* [TASK ITEM]: The expected response is an exact repetition of every record, with images excluded.

* [DATA EXTRACTS]:
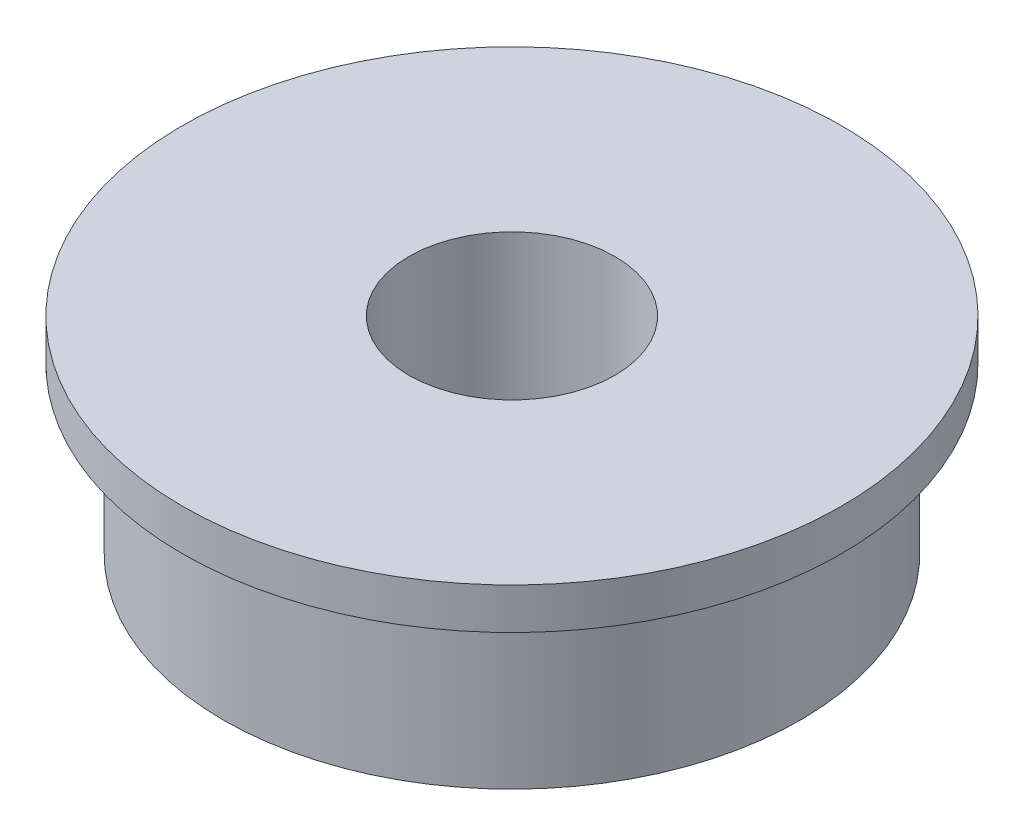
from build123d import *

# Parameters (mm, degrees)
SKETCH_1_R      = 7
SKETCH_1_R_2    = 2.5
EXTRUDE_1_DEPTH = 5
SKETCH_2_R      = 8
SKETCH_2_R_2    = 5.723236362
EXTRUDE_2_DEPTH = 1


with BuildPart() as part:
    # 스케치1 → 보스-돌출1 (new body)
    with BuildSketch(Plane(origin=(0, 0, 0), x_dir=(1, 0, 0), z_dir=(0, 1, 0))):
        Circle(SKETCH_1_R)
        Circle(SKETCH_1_R_2, mode=Mode.SUBTRACT)
    extrude(amount=EXTRUDE_1_DEPTH)

    # 스케치2 → 보스-돌출2 (add)
    with BuildSketch(Plane(origin=(0, 5, 0), x_dir=(1, 0, 0), z_dir=(0, 1, 0))):
        Circle(SKETCH_2_R)
        Circle(SKETCH_2_R_2, mode=Mode.SUBTRACT)
    extrude(amount=-EXTRUDE_2_DEPTH)


solid = part.part
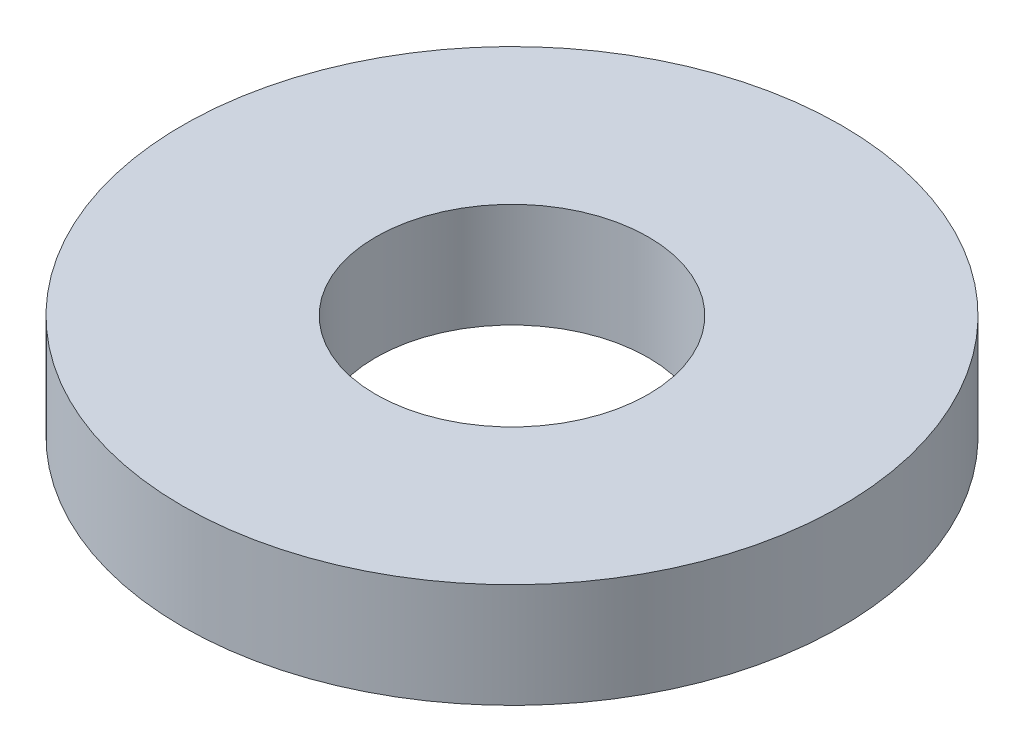
from build123d import *

# Parameters (mm, degrees)
SKETCH1_R           = 72.5
BOSS_EXTRUDE1_DEPTH = 23
SKETCH2_R           = 30
CUT_EXTRUDE1_DEPTH  = 106.078542053


with BuildPart() as part:
    # Sketch1 → Boss-Extrude1 (new body)
    with BuildSketch(Plane(origin=(0, 0, 0), x_dir=(1, 0, 0), z_dir=(0, 1, 0))):
        Circle(SKETCH1_R)
    extrude(amount=BOSS_EXTRUDE1_DEPTH)

    # Sketch2 → Cut-Extrude1 (cut, through all)
    with BuildSketch(Plane(origin=(0, 0, 0), x_dir=(1, 0, 0), z_dir=(0, 1, 0))):
        Circle(SKETCH2_R)
    extrude(amount=CUT_EXTRUDE1_DEPTH, mode=Mode.SUBTRACT)


solid = part.part
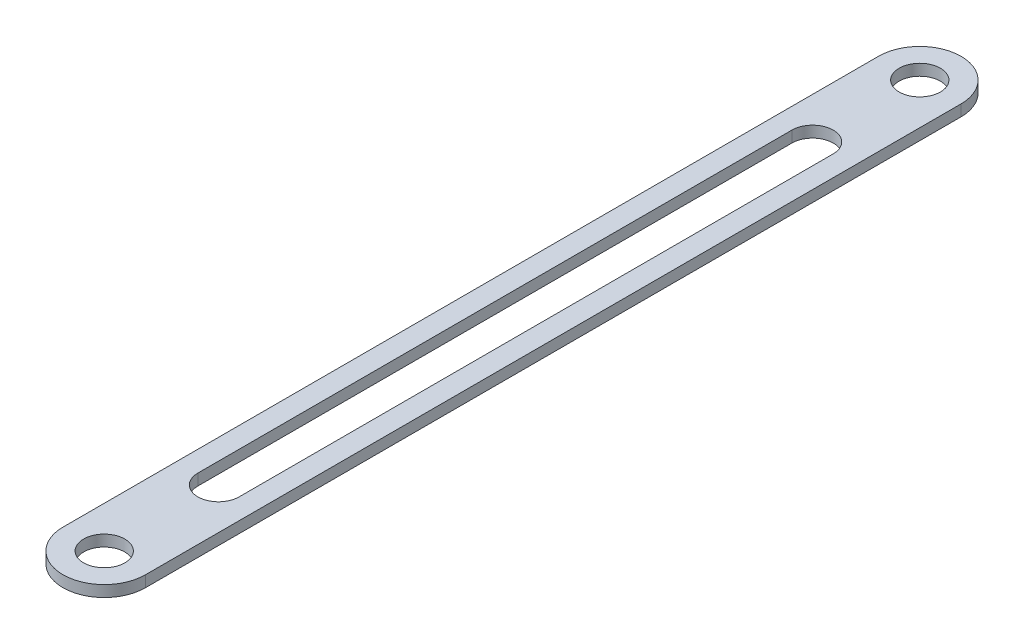
from build123d import *

# Parameters (mm, degrees)
SKETCH1_R           = 5.5
BOSS_EXTRUDE1_DEPTH = 3


with BuildPart() as part:
    # Sketch1 → Boss-Extrude1 (new body)
    with BuildSketch(Plane(origin=(0, 0, 0), x_dir=(1, 0, 0), z_dir=(0, 1, 0))):
        with BuildLine():
            Line((-11, 23.045356371), (-11, -194.404643629))
            ThreePointArc((-11, -194.404643629), (0, -205.404643629), (11, -194.404643629))
            Line((11, -194.404643629), (11, 23.045356371))
            ThreePointArc((11, 23.045356371), (0, 34.045356371), (-11, 23.045356371))
        make_face()
        with Locations((0, 23.045356371)):
            Circle(SKETCH1_R, mode=Mode.SUBTRACT)
        with Locations((0, -194.404643629)):
            Circle(SKETCH1_R, mode=Mode.SUBTRACT)
        with BuildLine():
            Line((-5.5, -5.534643629), (-5.5, -163.934643629))
            ThreePointArc((-5.5, -163.934643629), (0, -169.434643629), (5.5, -163.934643629))
            Line((5.5, -163.934643629), (5.5, -5.534643629))
            ThreePointArc((5.5, -5.534643629), (0, -0.034643629), (-5.5, -5.534643629))
        make_face(mode=Mode.SUBTRACT)
    extrude(amount=BOSS_EXTRUDE1_DEPTH)


solid = part.part

* [WRITTEN ANSWER]:
from build123d import *

# Parameters (mm, degrees)
SKETCH_1_R      = 7
SKETCH_1_R_2    = 2.5
EXTRUDE_1_DEPTH = 5
SKETCH_2_R      = 8
SKETCH_2_R_2    = 5.723236362
EXTRUDE_2_DEPTH = 1


with BuildPart() as part:
    # 스케치1 → 보스-돌출1 (new body)
    with BuildSketch(Plane(origin=(0, 0, 0), x_dir=(1, 0, 0), z_dir=(0, 1, 0))):
        Circle(SKETCH_1_R)
        Circle(SKETCH_1_R_2, mode=Mode.SUBTRACT)
    extrude(amount=EXTRUDE_1_DEPTH)

    # 스케치2 → 보스-돌출2 (add)
    with BuildSketch(Plane(origin=(0, 5, 0), x_dir=(1, 0, 0), z_dir=(0, 1, 0))):
        Circle(SKETCH_2_R)
        Circle(SKETCH_2_R_2, mode=Mode.SUBTRACT)
    extrude(amount=-EXTRUDE_2_DEPTH)


solid = part.part
from build123d import *

# Parameters (mm, degrees)
SKETCH1_R           = 72.5
BOSS_EXTRUDE1_DEPTH = 23
SKETCH2_R           = 30
CUT_EXTRUDE1_DEPTH  = 106.078542053


with BuildPart() as part:
    # Sketch1 → Boss-Extrude1 (new body)
    with BuildSketch(Plane(origin=(0, 0, 0), x_dir=(1, 0, 0), z_dir=(0, 1, 0))):
        Circle(SKETCH1_R)
    extrude(amount=BOSS_EXTRUDE1_DEPTH)

    # Sketch2 → Cut-Extrude1 (cut, through all)
    with BuildSketch(Plane(origin=(0, 0, 0), x_dir=(1, 0, 0), z_dir=(0, 1, 0))):
        Circle(SKETCH2_R)
    extrude(amount=CUT_EXTRUDE1_DEPTH, mode=Mode.SUBTRACT)


solid = part.part
from build123d import *

# Parameters (mm, degrees)
SKETCH1_R           = 5.5
BOSS_EXTRUDE1_DEPTH = 3


with BuildPart() as part:
    # Sketch1 → Boss-Extrude1 (new body)
    with BuildSketch(Plane(origin=(0, 0, 0), x_dir=(1, 0, 0), z_dir=(0, 1, 0))):
        with BuildLine():
            Line((-11, 23.045356371), (-11, -194.404643629))
            ThreePointArc((-11, -194.404643629), (0, -205.404643629), (11, -194.404643629))
            Line((11, -194.404643629), (11, 23.045356371))
            ThreePointArc((11, 23.045356371), (0, 34.045356371), (-11, 23.045356371))
        make_face()
        with Locations((0, 23.045356371)):
            Circle(SKETCH1_R, mode=Mode.SUBTRACT)
        with Locations((0, -194.404643629)):
            Circle(SKETCH1_R, mode=Mode.SUBTRACT)
        with BuildLine():
            Line((-5.5, -5.534643629), (-5.5, -163.934643629))
            ThreePointArc((-5.5, -163.934643629), (0, -169.434643629), (5.5, -163.934643629))
            Line((5.5, -163.934643629), (5.5, -5.534643629))
            ThreePointArc((5.5, -5.534643629), (0, -0.034643629), (-5.5, -5.534643629))
        make_face(mode=Mode.SUBTRACT)
    extrude(amount=BOSS_EXTRUDE1_DEPTH)


solid = part.part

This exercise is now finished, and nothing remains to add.